Ports, rails lure Asian cargo from the West Coast.


By Chris Dupin

  Containerized imports from many Asian countries were down in 2008 because of the recession. But 'economic forces are combining to favor the growth of Gulf and East Coast ports for Asian trade,' said a white paper published recently by Drewry Supply Chain Advisors.

   It predicts 'up to 25 percent of the U.S. West Coast ports' current cargo base (primarily hinterland cargo) could be lost to the East and Gulf ports in the decade to come.'

   The growing size of ships, the increase in trans-Suez services, expansion of the Panama Canal, higher fuel costs which raise the cost of overland transport, and the ability of ports to expand all augur well for East and Gulf coasts ports.

      'We've got real problems this year, but by late 2009, 2010 we should be back on that container upward glide path,' said John Vickerman, a Williamsburg, Va.-based consultant.

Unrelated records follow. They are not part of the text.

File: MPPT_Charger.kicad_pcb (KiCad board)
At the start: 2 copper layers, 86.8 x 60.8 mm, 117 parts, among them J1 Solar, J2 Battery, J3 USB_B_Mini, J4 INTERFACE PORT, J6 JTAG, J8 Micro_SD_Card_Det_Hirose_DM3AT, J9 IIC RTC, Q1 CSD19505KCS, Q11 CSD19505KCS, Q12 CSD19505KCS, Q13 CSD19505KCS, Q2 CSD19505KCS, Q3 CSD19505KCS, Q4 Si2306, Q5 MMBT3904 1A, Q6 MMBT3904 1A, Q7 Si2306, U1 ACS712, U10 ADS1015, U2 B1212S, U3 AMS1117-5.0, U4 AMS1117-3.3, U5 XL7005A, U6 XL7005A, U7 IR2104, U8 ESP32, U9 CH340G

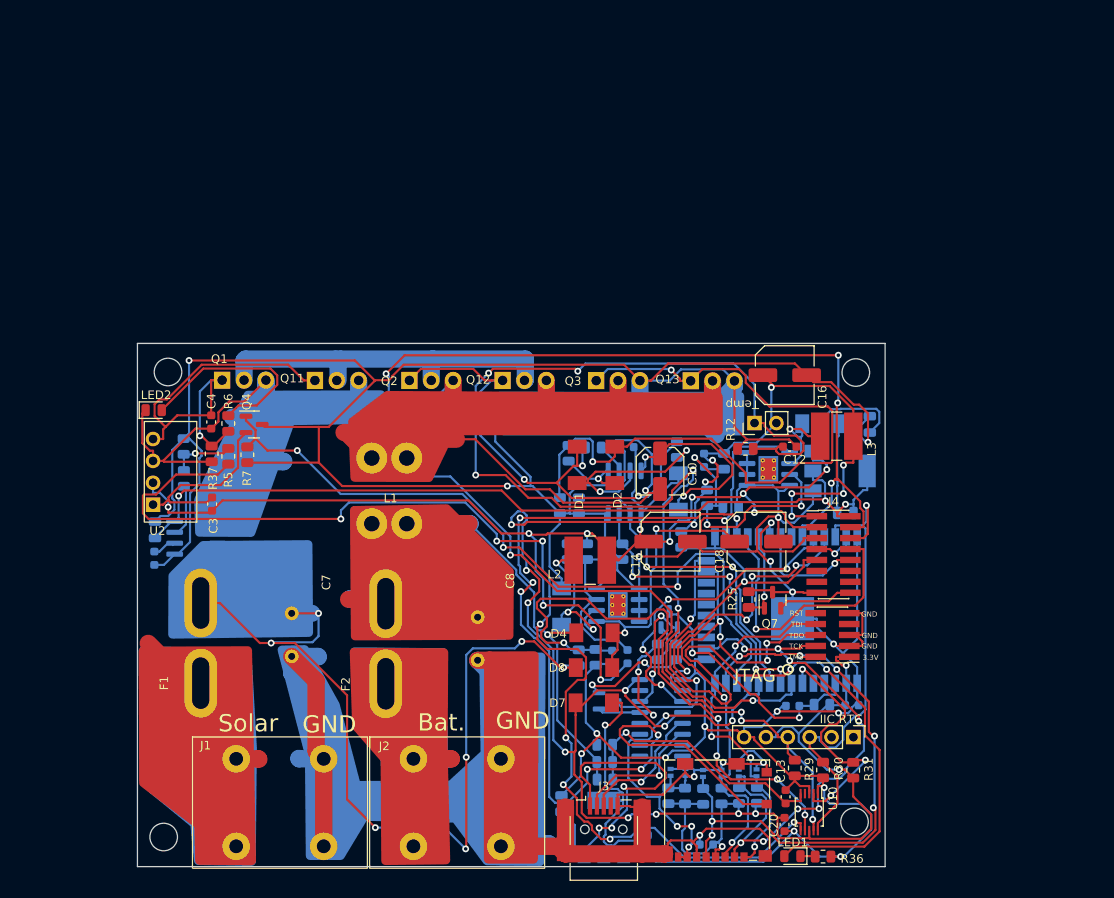
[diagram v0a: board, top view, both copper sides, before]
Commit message: Heatsink and insulation ToDo: Smaller heatsink
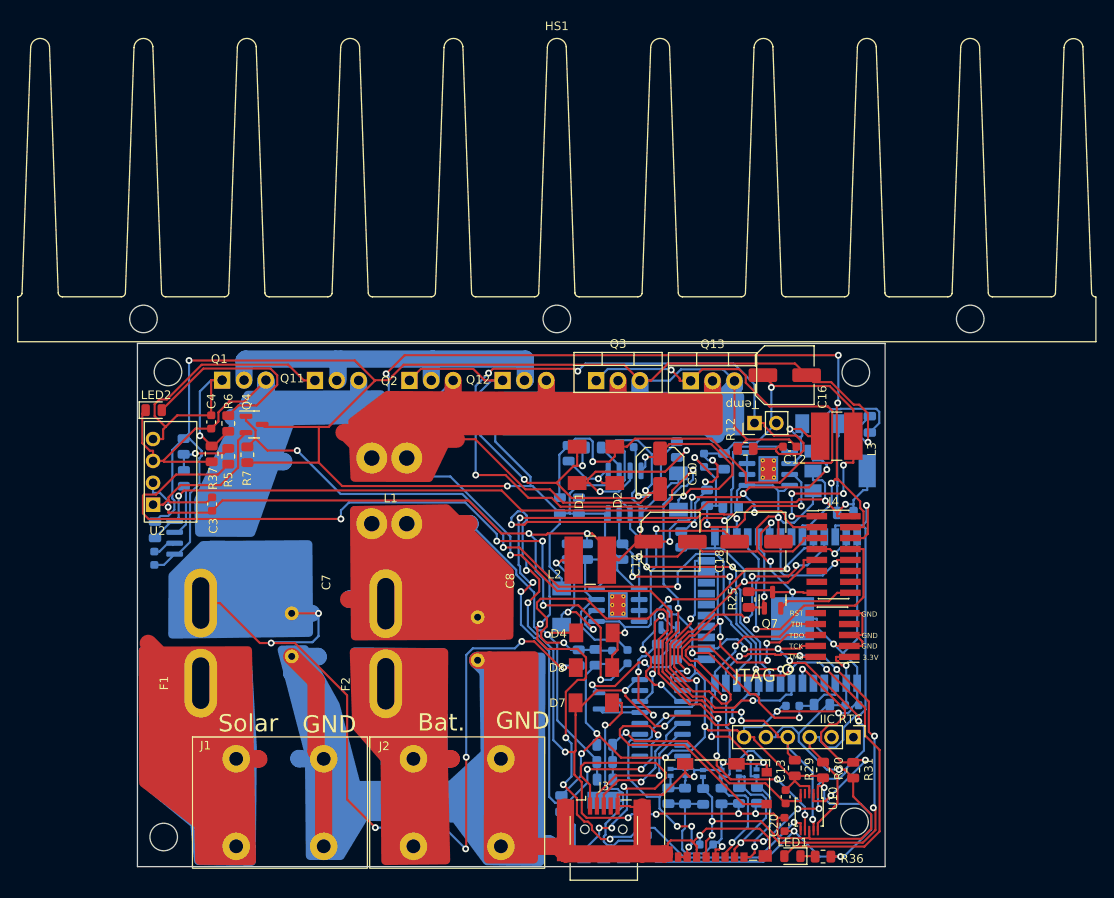
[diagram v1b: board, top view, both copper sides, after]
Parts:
- added HS1: Heatsink_Pad, Heatsink:Heatsink_125x35x50mm_3xFixationM3, F.Cu at (127.2, 91.3)
- Q13, Q3: footprint Package_TO_SOT_THT:TO-220-3_Vertical -> Library:TO-220-3_Vertical_Insulated

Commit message: Heat sink size corrected
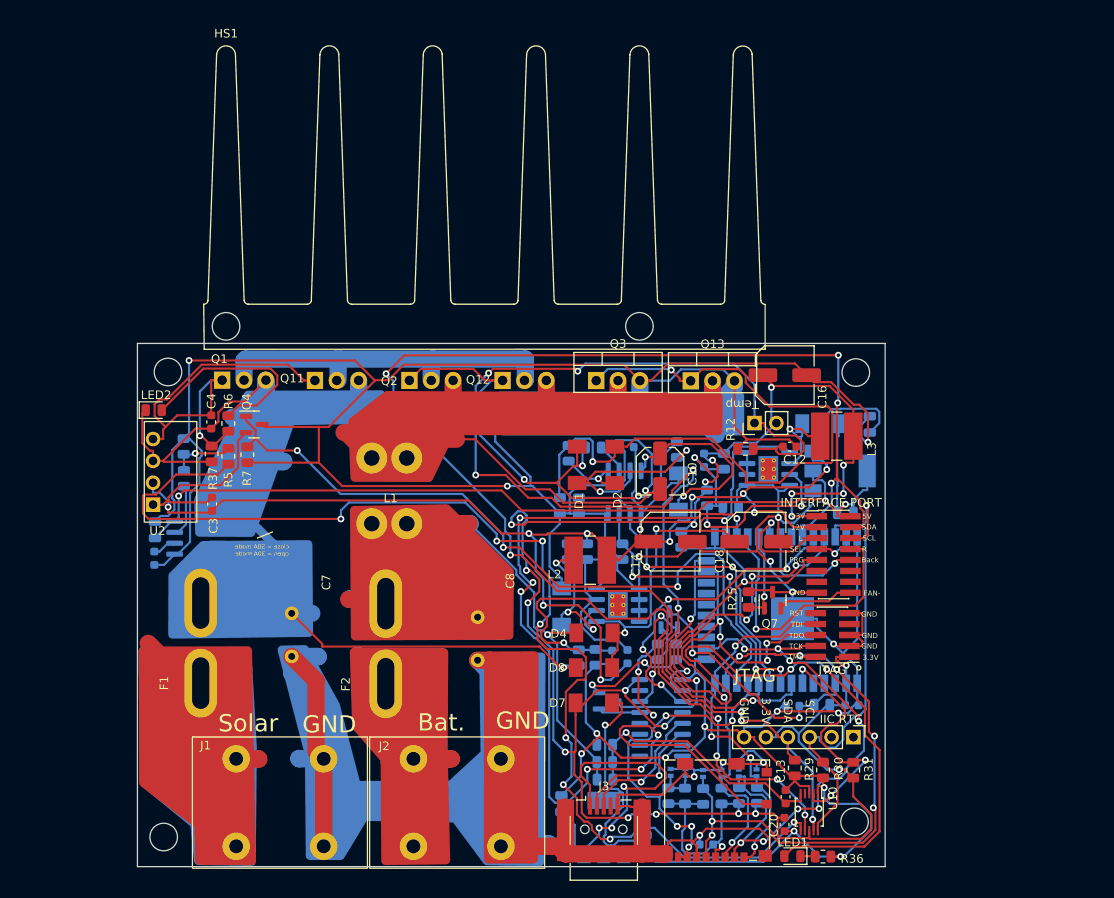
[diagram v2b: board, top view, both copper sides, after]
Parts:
- moved HS1 38.4 mm to (88.7, 92.2)
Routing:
- net Net-(C7-Pad1): track 121.4 -> 60.8 mm, vias 7 -> 1
- net Net-(C10-Pad2): track 127.5 -> 112.2 mm
- net SDA: track 184.6 -> 174.7 mm
- net (no net): track 0.00 -> 2.72 mm
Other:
- board text added: "close = 50A mode open = 30A mode"

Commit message: Footprint C+R changed to 0603 where possible
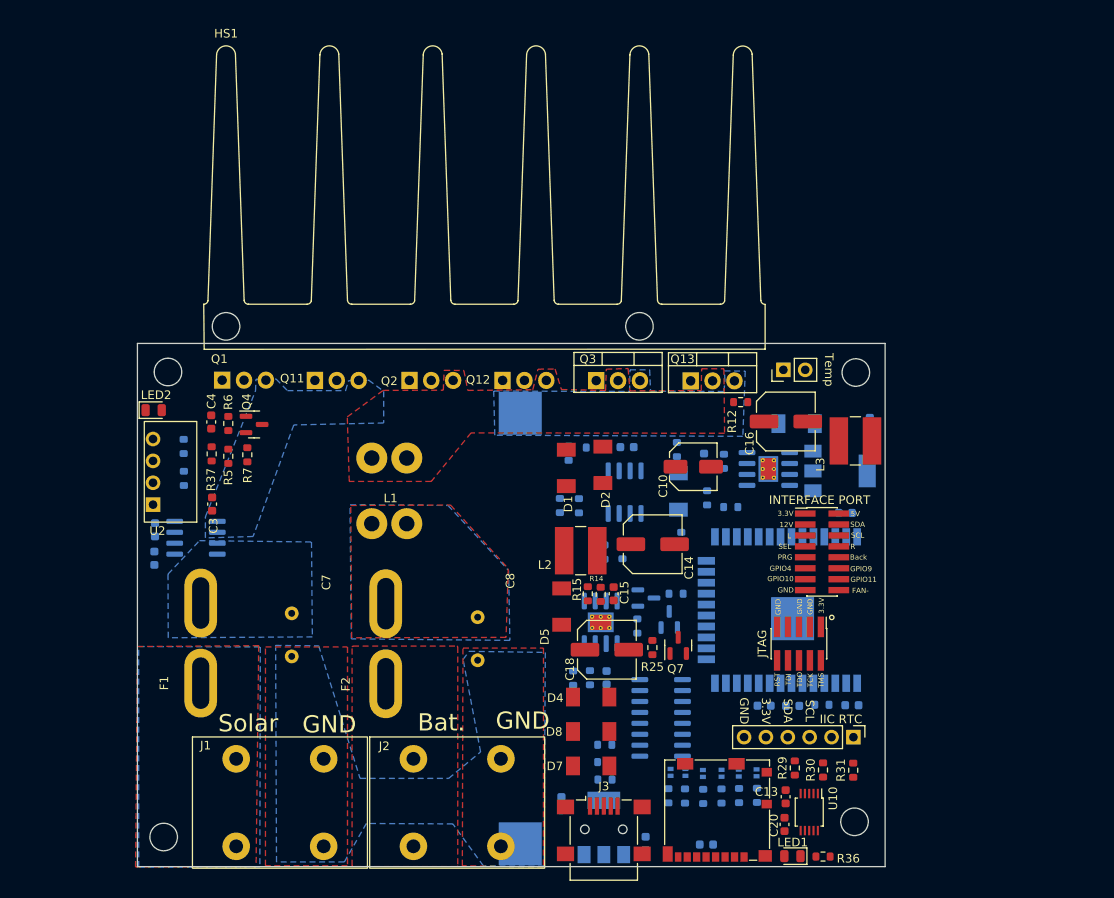
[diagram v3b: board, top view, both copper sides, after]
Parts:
- C12: moved to B.Cu
- C15, D5: moved to F.Cu
- C21, C22, C5, C6, C9: footprint Capacitor_SMD:C_0805_2012Metric -> Capacitor_SMD:C_0603_1608Metric
- R1, R10, R11, R12, R13, R16, R17, R18, R19, R2, R20, R21, R22, R23, R24, R25, R26, R27, R28, R29, R3, R30, R31, R32, R33, R34, R36, R37, R38, R39, R4, R40, R5, R6, R7, R8, R9: footprint Resistor_SMD:R_0805_2012Metric -> Resistor_SMD:R_0603_1608Metric
- R14, R15: footprint Resistor_SMD:R_0805_2012Metric -> Resistor_SMD:R_0603_1608Metric; moved to F.Cu
- moved C12 30.2 mm to (151.2, 136.2), turned to 180 degrees
- moved C18 21.4 mm to (133.0, 129.8)
- moved Q6 12.8 mm to (137.5, 123.8)
- moved R25 12.5 mm to (138.2, 129.5)
- moved Q7 12.1 mm to (141.2, 129.2)
- moved C15 7.48 mm to (133.8, 123.2), turned to -90 degrees
- moved D4 7.47 mm to (131.1, 135.2)
- moved D8 7.43 mm to (131.1, 139.2)
- moved D7 7.34 mm to (131.1, 143.2)
- moved R35 7.03 mm to (153.5, 97.2)
- moved R23 6.75 mm to (141.0, 123.2), turned to 180 degrees
- moved R12 5.45 mm to (148.5, 101.0)
- moved R15 5.41 mm to (130.8, 123.2)
- moved C16 5.39 mm to (153.8, 103.2)
- moved R14 5.21 mm to (132.2, 123.3)
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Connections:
- J4 pad 11: unconnected-(J4-Pad11) -> GPIO4
- J4 pad 12: unconnected-(J4-Pad12) -> GPIO9
- J4 pad 13: unconnected-(J4-Pad13) -> GPIO10
- J4 pad 14: unconnected-(J4-Pad14) -> GPIO11
- U8 pad 17: unconnected-(U8-Pad17) -> GPIO9
- U8 pad 18: unconnected-(U8-Pad18) -> GPIO10
- U8 pad 19: unconnected-(U8-Pad19) -> GPIO11
- U8 pad 26: unconnected-(U8-Pad26) -> GPIO4
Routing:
- net GND: track 588.4 -> 0.00 mm, vias 17 -> 0
- net +3.3V: track 250.4 -> 0.00 mm, vias 21 -> 0
- net GND2: track 201.5 -> 0.00 mm, vias 4 -> 0
- net SDA: track 174.7 -> 0.00 mm, vias 8 -> 0
- net +12V: track 170.3 -> 0.00 mm, vias 11 -> 0
- net Net-(C12-Pad1): track 138.2 -> 0.00 mm, vias 6 -> 0
- net A2: track 135.7 -> 0.00 mm, vias 8 -> 0
- net Net-(C8-Pad1): track 132.8 -> 0.00 mm, vias 1 -> 0
- net Net-(C10-Pad2): track 112.2 -> 0.00 mm, vias 1 -> 0
- net SD_DET_B: track 107.7 -> 0.00 mm, vias 7 -> 0
- net +5V: track 100.7 -> 0.00 mm, vias 3 -> 0
- net BCCU: track 85.8 -> 0.00 mm, vias 3 -> 0
- net Net-(LED1-Pad2): track 84.7 -> 0.00 mm, vias 3 -> 0
- net Net-(D2-Pad1): track 83.1 -> 0.00 mm, vias 2 -> 0
- net Net-(C4-Pad2): track 72.0 -> 0.00 mm
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- added copper zone on B.Cu, net GND
- added copper zone on B.Cu, net GND2
- added copper zone on F.Cu, net GND2
- added copper zone on F.Cu, net Net-(C10-Pad2)
- added copper zone on B.Cu, net Net-(C4-Pad2)
- added copper zone on B.Cu, net Net-(C7-Pad1)
- added copper zone on B.Cu, net Net-(C8-Pad1)
- added copper zone on F.Cu, net Net-(C8-Pad1)
- added copper zone on B.Cu, net Net-(F1-Pad1)
- added copper zone on F.Cu, net Net-(F1-Pad1)
- added copper zone on F.Cu, net Net-(F2-Pad1)
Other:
- board text removed: "JTAG"
- board text removed: "close = 50A mode open = 30A mode"

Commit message: Done ?
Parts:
- moved U10 29.9 mm to (148.4, 119.8), turned to 180 degrees
- moved R30 27.2 mm to (156.7, 116.5)
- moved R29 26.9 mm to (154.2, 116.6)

Container trade may be one of the first parts of the economy to pick up, he contends.

   Vickerman is enthusiastic about trans-Suez services and advises developers of a container facility in Melford, Nova Scotia, which would act as a Prince Rupert of the East Coast, discharging and loading intermodal cargo that would be primarily bound for the U.S. Midwest or Ontario. If production increases in Vietnam and India, trans-Suez services to U.S. East Coast destinations become more attractive, he said.

   In 2007 the top five West Coast ports saw containerized cargo traffic fall 1.1 percent, while volumes at the top five East Coast ports climbed 4.9 percent, Drewry said.

   Figures from Miami-based Datamyne show East Coast ports continuing to gain market share in the containerized shipping industry. In 2007 they handled about 19.6 percent of combined container volumes from East and West coasts; through Nov. 15, that share had jumped to 21.3 percent.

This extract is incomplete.